In 2008, Tom C., an artist, came to my office for a consultation. He had been diagnosed with Parkinson’s disease and put on medication about fifteen years earlier. Two years later, he started to experience “misperceptions,” as he calls them (like the others, he avoids the term “hallucinations”). He is fond of dancing—he finds that this can unfreeze him, releasing him, for a while, from his parkinsonism. His first misperceptions
occurred when he was in a nightclub; the skin of the other dancers, even their faces, seemed to be covered with tattoos. At first he thought the tattoos were real, but they started to glow and then to pulse and writhe; at that point he realized they must be hallucinatory. As an artist and a psychologist, he was intrigued by this experience—but frightened, too, that it might be the beginning of uncontrollable hallucinations of all sorts.

Once, while sitting at his desk, he was surprised to see a picture of the Taj Mahal on his computer monitor. As he gazed, the picture became richer in color, three-dimensional, vividly real. He heard a vague chanting, of the sort he thought might be associated with an Indian temple.

Another day, while he was lying on the floor, frozen by his parkinsonism, the reflections on a fluorescent ceiling lamp started to change into old photographs, mostly in black and white. These seemed to be photographs from earlier days, mostly of family, with some of strangers. “I had nothing else to do” in this immobilized state, he said, so he happily indulged this mild hallucinatory pleasure.

F
or Ed W. and Tom C., hallucinations usually remain on the “misperception” side, but Agnes R., a seventy-five-year-old lady who has had Parkinson’s disease for twenty years, has had frank visual hallucinations for the last decade. She is, as she says, “an old hand” at hallucinations: “I see a whole array of things, which I enjoy—they are fascinating; they don’t frighten me.” In the clinic waiting room, she had seen “women—five of them—trying on fur coats.” The size, color, solidity, and movement of these women looked perfectly natural; they seemed
absolutely real. She knew that they were hallucinations only because they were out of context: no one would be trying on fur coats on a summer day in a doctor’s office.

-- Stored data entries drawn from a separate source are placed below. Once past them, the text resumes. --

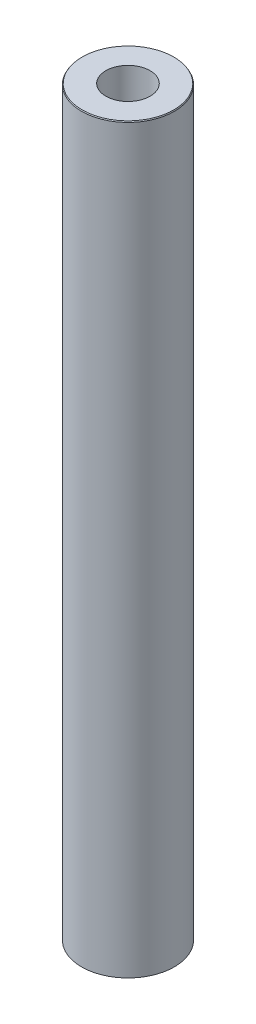
from build123d import *
from OCP.BRepFilletAPI import BRepFilletAPI_MakeChamfer

# Parameters (mm, degrees)
SKETCH1_R           = 37.5
BOSS_EXTRUDE1_DEPTH = 600
SKETCH2_R           = 17.898668844
CUT_EXTRUDE1_DEPTH  = 603.339190158
CHAMFER1_SIZE       = 0.794023577
CHAMFER1_SIZE2      = 0.458429726


with BuildPart() as part:
    # Sketch1 → Boss-Extrude1 (new body)
    with BuildSketch(Plane(origin=(0, 0, 0), x_dir=(1, 0, 0), z_dir=(0, 1, 0))):
        Circle(SKETCH1_R)
    extrude(amount=BOSS_EXTRUDE1_DEPTH)

    # Sketch2 → Cut-Extrude1 (cut, through all)
    with BuildSketch(Plane(origin=(0, 0, 0), x_dir=(1, 0, 0), z_dir=(0, 1, 0))):
        Circle(SKETCH2_R)
    extrude(amount=CUT_EXTRUDE1_DEPTH, mode=Mode.SUBTRACT)

    # Chamfer1: one chamfer whose edges measure the first distance from different faces: ONE call of the kernel's chamfer builder (chamfer() names one face for all edges)
    chamfer1_edges_1 = [part.edges().sort_by_distance(p)[0] for p in [
        (-37.5, 600, 0),
    ]]
    chamfer1_side_1 = [part.faces().sort_by_distance(p)[0] for p in [
        (-37.5, 300, 0),
    ]]
    chamfer1_edges_2 = [part.edges().sort_by_distance(p)[0] for p in [
        (-37.5, 0, 0),
    ]]
    chamfer1_side_2 = [part.faces().sort_by_distance(p)[0] for p in [
        (-36.439339828, 0, 0),
    ]]
    chamfer1 = BRepFilletAPI_MakeChamfer(part.part.solid().wrapped)
    for e in chamfer1_edges_1:
        chamfer1.Add(CHAMFER1_SIZE, CHAMFER1_SIZE2, e.wrapped, chamfer1_side_1[0].wrapped)  # the first distance lies on this face
    for e in chamfer1_edges_2:
        chamfer1.Add(CHAMFER1_SIZE, CHAMFER1_SIZE2, e.wrapped, chamfer1_side_2[0].wrapped)  # the first distance lies on this face
    add(Compound.cast(chamfer1.Shape()), mode=Mode.REPLACE)


solid = part.part
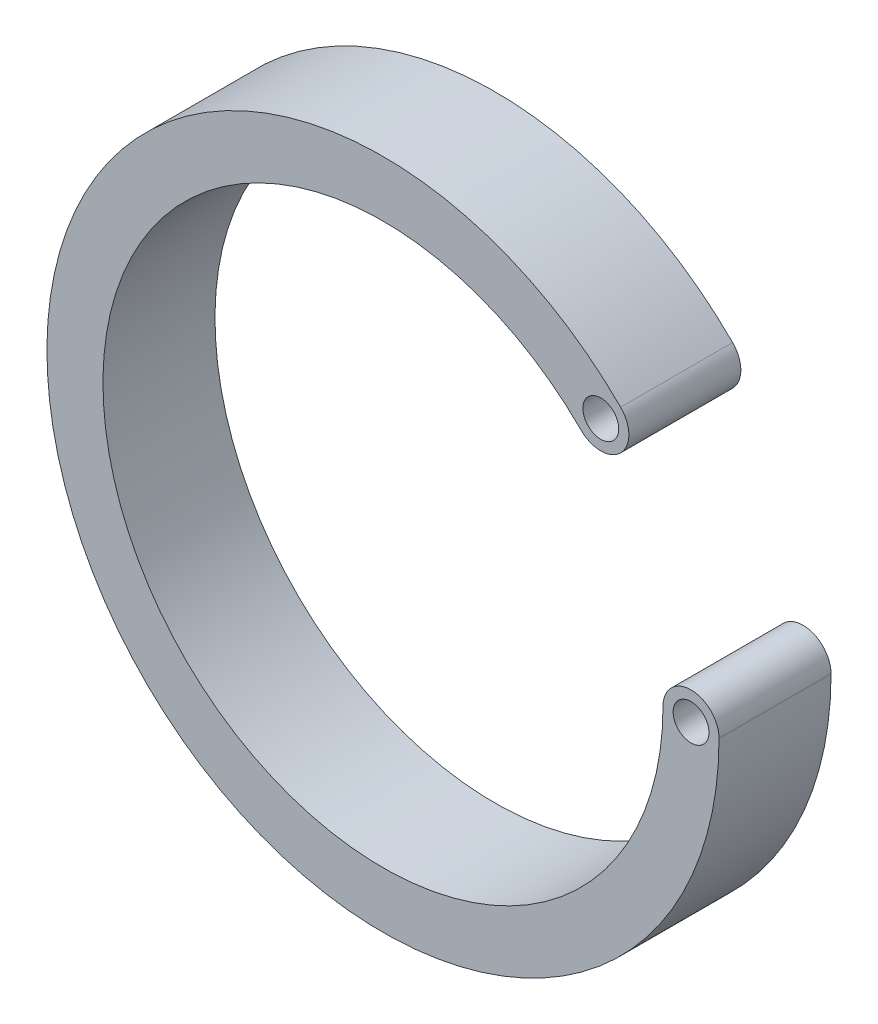
from build123d import *

# Parameters (mm, degrees)
SKETCH1_R           = 2.032
BOSS_EXTRUDE1_DEPTH = 12.7


with BuildPart() as part:
    # Sketch1 → Boss-Extrude1 (new body)
    with BuildSketch(Plane.XY):
        with BuildLine():
            ThreePointArc((31.75, 0), (-29.333175157, -12.150198978), (22.450640303, 22.450640303))
            ThreePointArc((22.450640303, 22.450640303), (26.940768363, 22.450640303), (26.940768363, 26.940768363))
            ThreePointArc((26.940768363, 26.940768363), (-35.199810189, -14.580238773), (38.1, 0))
            ThreePointArc((38.1, 0), (34.925, 3.175), (31.75, 0))
        make_face()
        with Locations((34.925, 0)):
            Circle(SKETCH1_R, mode=Mode.SUBTRACT)
        with Locations((24.695704333, 24.695704333)):
            Circle(SKETCH1_R, mode=Mode.SUBTRACT)
    extrude(amount=BOSS_EXTRUDE1_DEPTH)


solid = part.part
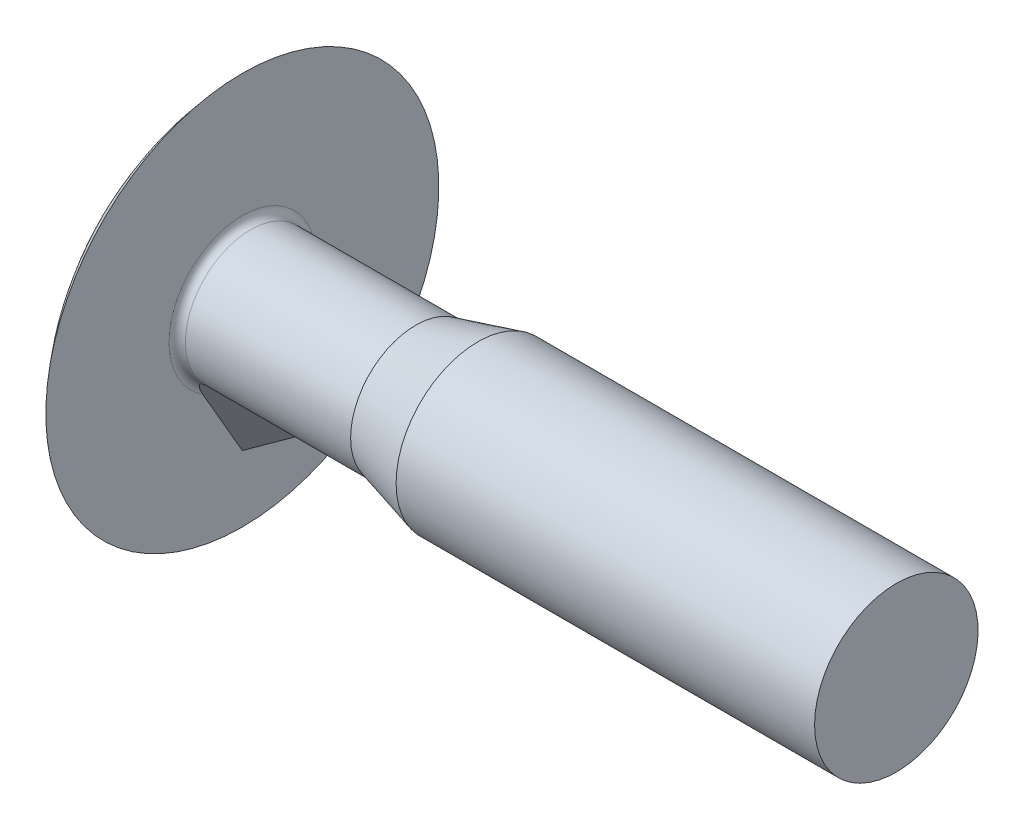
from build123d import *

# Parameters (mm, degrees)
SKETCH2_R      = 5
BASEBODY_DEPTH = 40
FILLET1_R      = 0.5


with BuildPart() as part:
    # Sketch1 → BaseHead (revolve)
    with BuildSketch(Plane(origin=(-7.690583732, 4.327735618, 0), x_dir=(0, 1, 0), z_dir=(0, 0, 1))):
        with BuildLine():
            Line((-4.327735618, -12.290583732), (-16.346054968, -12.290583732))
            ThreePointArc((-16.346054968, -12.290583732), (-10.762018795, -8.879872861), (-4.327735618, -7.690583732))
            Line((-4.327735618, -7.690583732), (-4.327735618, -12.290583732))
        make_face()
    revolve(axis=Axis((-9.007048787, 0, 0), (1, 0, 0)))

    # Sketch2 → BaseBody (add)
    with BuildSketch(Plane(origin=(4.6, 0, 0), x_dir=(0, 0, -1), z_dir=(1, 0, 0))):
        Circle(SKETCH2_R)
    extrude(amount=BASEBODY_DEPTH)

    # Sketch3 → Cut-Revolve1 (revolve, cut)
    with BuildSketch(Plane(origin=(-15.854395091, 0, 20.854395091), x_dir=(0, 0, -1), z_dir=(0, 1, 0))):
        Polygon((25.854395091, -34.860395091), (24.83618816, -31.060395091), (24.83618816, -20.454395091), (25.854395091, -20.454395091), align=None)
    revolve(axis=Axis((-22.018002757, 0, 0), (1, 0, 0)), mode=Mode.SUBTRACT)

    # Fillet1
    fillet1_edges = [part.edges().sort_by_distance(p)[0] for p in [
        (4.6, 0, 3.981793069),
    ]]
    fillet(fillet1_edges, radius=FILLET1_R)

    # Sketch4 → Nib section 0
    with BuildSketch(Plane(origin=(4.6, 10.71872448, 8.842645962), x_dir=(0, 0, 1), z_dir=(1, 0, 0)), mode=Mode.PRIVATE) as nib_s0:
        with BuildLine():
            Line((-12.290979912, 12.709621015), (-8.842645962, 18.682310618))
            Line((-8.842645962, 18.682310618), (-5.394312012, 12.709621015))
            Line((-5.394312012, 12.709621015), (-12.290979912, 12.709621015))
        make_face()
    loft([nib_s0.sketch, Vertex(10.1, -3.981793069, 0)])


solid = part.part
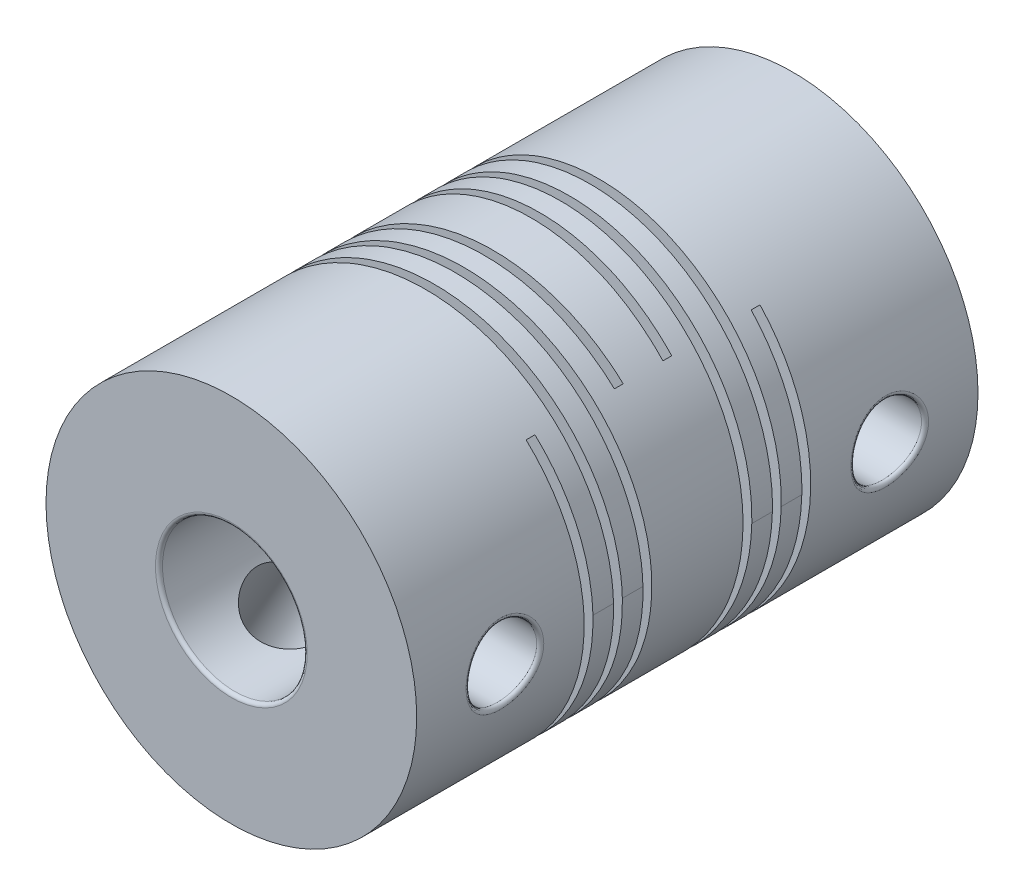
from build123d import *

# Parameters (mm, degrees)
SALIENTE_EXTRUIR1_DEPTH      = 15.9
SALIENTE_EXTRUIR1_DEPTH_BACK = 15.9
CROQUIS1_R                   = 10.5
CROQUIS2_R                   = 4.1
CORTAR_EXTRUIR1_DEPTH        = 10
CORTAR_EXTRUIR2_START        = -10
CROQUIS3_R                   = 4.1
CORTAR_EXTRUIR2_DEPTH        = 10
CORTAR_EXTRUIR3_DEPTH        = 6
CORTAR_EXTRUIR3_DEPTH_BACK   = 6
CROQUIS4_R                   = 5
CORTAR_EXTRUIR4_START        = 2
CROQUIS5_R                   = 2
CORTAR_EXTRUIR4_DEPTH        = 10
MATRIZC1_COUNT               = 2
MATRIZC1_ANGLE               = 240
SIMETR_A1_START              = 2
SIMETR_A1_COPY_1_SKETCH_R    = 2
SIMETR_A1_COPY_1_DEPTH       = 10
CORTAR_BARRER1_PITCH         = 1.666666667
REDONDEO1_R                  = 0.2


with BuildPart() as part:
    # Croquis1 → Saliente-Extruir1 (new, two sides: drawn at the far end of the back side and taken through both)
    with BuildSketch(Plane.XY.offset(-SALIENTE_EXTRUIR1_DEPTH_BACK)):
        Circle(CROQUIS1_R)
    extrude(amount=SALIENTE_EXTRUIR1_DEPTH + SALIENTE_EXTRUIR1_DEPTH_BACK)

    # Croquis2 → Cortar-Extruir1 (cut)
    with BuildSketch(Plane.XY.offset(15.9)):
        Circle(CROQUIS2_R)
    extrude(amount=-CORTAR_EXTRUIR1_DEPTH, mode=Mode.SUBTRACT)

    # Croquis3 → Cortar-Extruir2 (cut)
    with BuildSketch(Plane(origin=(0, 0, -15.9), x_dir=(-1, 0, 0), z_dir=(0, 0, -1)).offset(CORTAR_EXTRUIR2_START)):
        with Locations(Location((0, 0, 0), (0, 0, 180))):
            Circle(CROQUIS3_R)
    extrude(amount=CORTAR_EXTRUIR2_DEPTH, mode=Mode.SUBTRACT)

    # Croquis4 → Cortar-Extruir3 (cut, two sides: drawn at the far end of the back side and taken through both)
    with BuildSketch(Plane.XY.offset(-CORTAR_EXTRUIR3_DEPTH_BACK)):
        Circle(CROQUIS4_R)
    extrude(amount=CORTAR_EXTRUIR3_DEPTH + CORTAR_EXTRUIR3_DEPTH_BACK, mode=Mode.SUBTRACT)

    # Croquis5 → Cortar-Extruir4 (cut)
    with BuildSketch(Plane(origin=(0, 0, 0), x_dir=(0, 0, -1), z_dir=(1, 0, 0)).offset(CORTAR_EXTRUIR4_START)):
        with Locations(Location((-10.9, 0, 0), (0, 0, 180))):
            Circle(CROQUIS5_R)
    cortar_extruir4 = extrude(amount=CORTAR_EXTRUIR4_DEPTH, mode=Mode.SUBTRACT)

    # MatrizC1: Cortar-Extruir4 ×2 about axis
    matrizc1_axis = Axis((0, 0, -15.9), (0, 0, 1))
    for i in range(1, MATRIZC1_COUNT):
        add(cortar_extruir4.rotate(matrizc1_axis, i * MATRIZC1_ANGLE / (MATRIZC1_COUNT - 1)), mode=Mode.SUBTRACT)

    # Simetría1: Cortar-Extruir4 across plane
    add(cortar_extruir4.mirror(Plane.XY), mode=Mode.SUBTRACT)

    # Simetría1 copy 1 sketch → Simetría1 copy 1 (cut)
    with BuildSketch(Plane(origin=(0, 0, 0), x_dir=(0, 0, 1), z_dir=(-0.4999999999999912, -0.8660254037844437, 0)).offset(SIMETR_A1_START)):
        with Locations((-10.9, 0)):
            Circle(SIMETR_A1_COPY_1_SKETCH_R)
    extrude(amount=SIMETR_A1_COPY_1_DEPTH, mode=Mode.SUBTRACT)

    # Cortar-Barrer1: arcs per turn and ends read off the stored shape
    # Cortar-Barrer1: the profile of Croquis7 profile screwed along a right-hand helix through 3 turns, 8 arcs to a turn; built about Z, then put on its axis
    cortar_barrer1_z = Axis((0, 0, 0), (0, 0, 1))
    cortar_barrer1_corners = [(10.5003, 0, -0.625), (10.5003, 0, -0.125), (5.94, 0, -0.125), (5.94, 0, -0.625)]
    with BuildLine(mode=Mode.PRIVATE) as cortar_barrer1_profile:
        Line(cortar_barrer1_corners[0], cortar_barrer1_corners[1])
        Line(cortar_barrer1_corners[1], cortar_barrer1_corners[2])
        Line(cortar_barrer1_corners[2], cortar_barrer1_corners[3])
        Line(cortar_barrer1_corners[3], cortar_barrer1_corners[0])
    cortar_barrer1_cap = Face(cortar_barrer1_profile.wire())
    cortar_barrer1_turn_angles = [0, 22.5, 45, 67.5, 90, 112.5, 135, 157.5, 180, 202.5, 225, 247.5, 270, 292.5, 315, 337.5, 360]
    cortar_barrer1_turn_weights = [1, 0.9238795325112867, 1, 0.9238795325112867, 1, 0.9238795325112867, 1, 0.9238795325112867, 1, 0.9238795325112867, 1, 0.9238795325112867, 1, 0.9238795325112867, 1, 0.9238795325112867, 1]
    cortar_barrer1_turn_rails = [Edge.make_bspline([Vector(p[0], p[1], 0).rotate(cortar_barrer1_z, cortar_barrer1_turn_angles[k]) / cortar_barrer1_turn_weights[k] + Vector(0, 0, p[2] + CORTAR_BARRER1_PITCH * cortar_barrer1_turn_angles[k] / 360) for k in range(17)], [0, 0, 0, 1, 1, 2, 2, 3, 3, 4, 4, 5, 5, 6, 6, 7, 7, 8, 8, 8], 2, cortar_barrer1_turn_weights) for p in cortar_barrer1_corners]
    cortar_barrer1_turn_sides = [Face.make_surface_from_curves(cortar_barrer1_turn_rails[p[0]], cortar_barrer1_turn_rails[p[1]]) for p in [(0, 1), (1, 2), (2, 3), (3, 0)]]
    cortar_barrer1 = Plane(origin=(0, 0, 6), x_dir=(0.7071067811865464, 0.7071067811865488, 0), z_dir=(0, 0, -1)) * Solid(Shell([*[p.moved(Location((0, 0, CORTAR_BARRER1_PITCH * i))) for i in range(3) for p in cortar_barrer1_turn_sides], cortar_barrer1_cap, cortar_barrer1_cap.rotate(cortar_barrer1_z, 1080).moved(Location((0, 0, CORTAR_BARRER1_PITCH * 1080 / 360)))]))
    add(cortar_barrer1, mode=Mode.SUBTRACT)

    # Simetría2: Cortar-Barrer1 across plane
    add(cortar_barrer1.mirror(Plane.XY), mode=Mode.SUBTRACT)

    # Redondeo1
    redondeo1_edges = [part.edges().sort_by_distance(p)[0] for p in [
        (-4.1, 0, -15.9),
        (10.307764064, 2, 10.9),
        (-5.25, -9.093266738, 8.899999988),
        (10.307764064, -2, -10.9),
        (-5.25, -9.093266738, -12.900000012),
        (-4.1, 0, 15.9),
    ]]
    fillet(redondeo1_edges, radius=REDONDEO1_R)


solid = part.part

In general, she is able to distinguish her hallucinations from reality, but there have been exceptions: on one occasion, seeing a furry black animal leap onto the dining table, she jumped. At other times, while walking, she has stopped abruptly to avoid bumping into a hallucinatory figure just in front of her.

Agnes most often sees apparitions from the windows of her twenty-second-floor apartment. From here, she has “seen” a skating rink on top of a (real) church, “people in tennis courts” on neighboring rooftops, and men working just outside her window. She does not recognize any of the people she sees, and they continue whatever they are doing without paying any attention to her. She watches these hallucinatory scenes with equanimity and sometimes with enjoyment. (Indeed, I got the impression that they help her pass the time—time which now seems to pass more slowly with her relative immobility and difficulties reading.) Her visions are not like dreams, she said; nor do they resemble fantasies. She has a great love for travel and for Egypt in particular, but she has never had “Egyptian” hallucinations or travel ones.

She sees no patterns to her hallucinations—they may come at any time of day, when she is busy with others or when she is alone. They seem to have nothing to do with current events, with her feelings, thoughts, or moods, or with the time of day she takes her medication. She cannot will them to come, or will them away. They superimpose themselves on what she is looking at and vanish, along with actual visual perception, when she closes her eyes.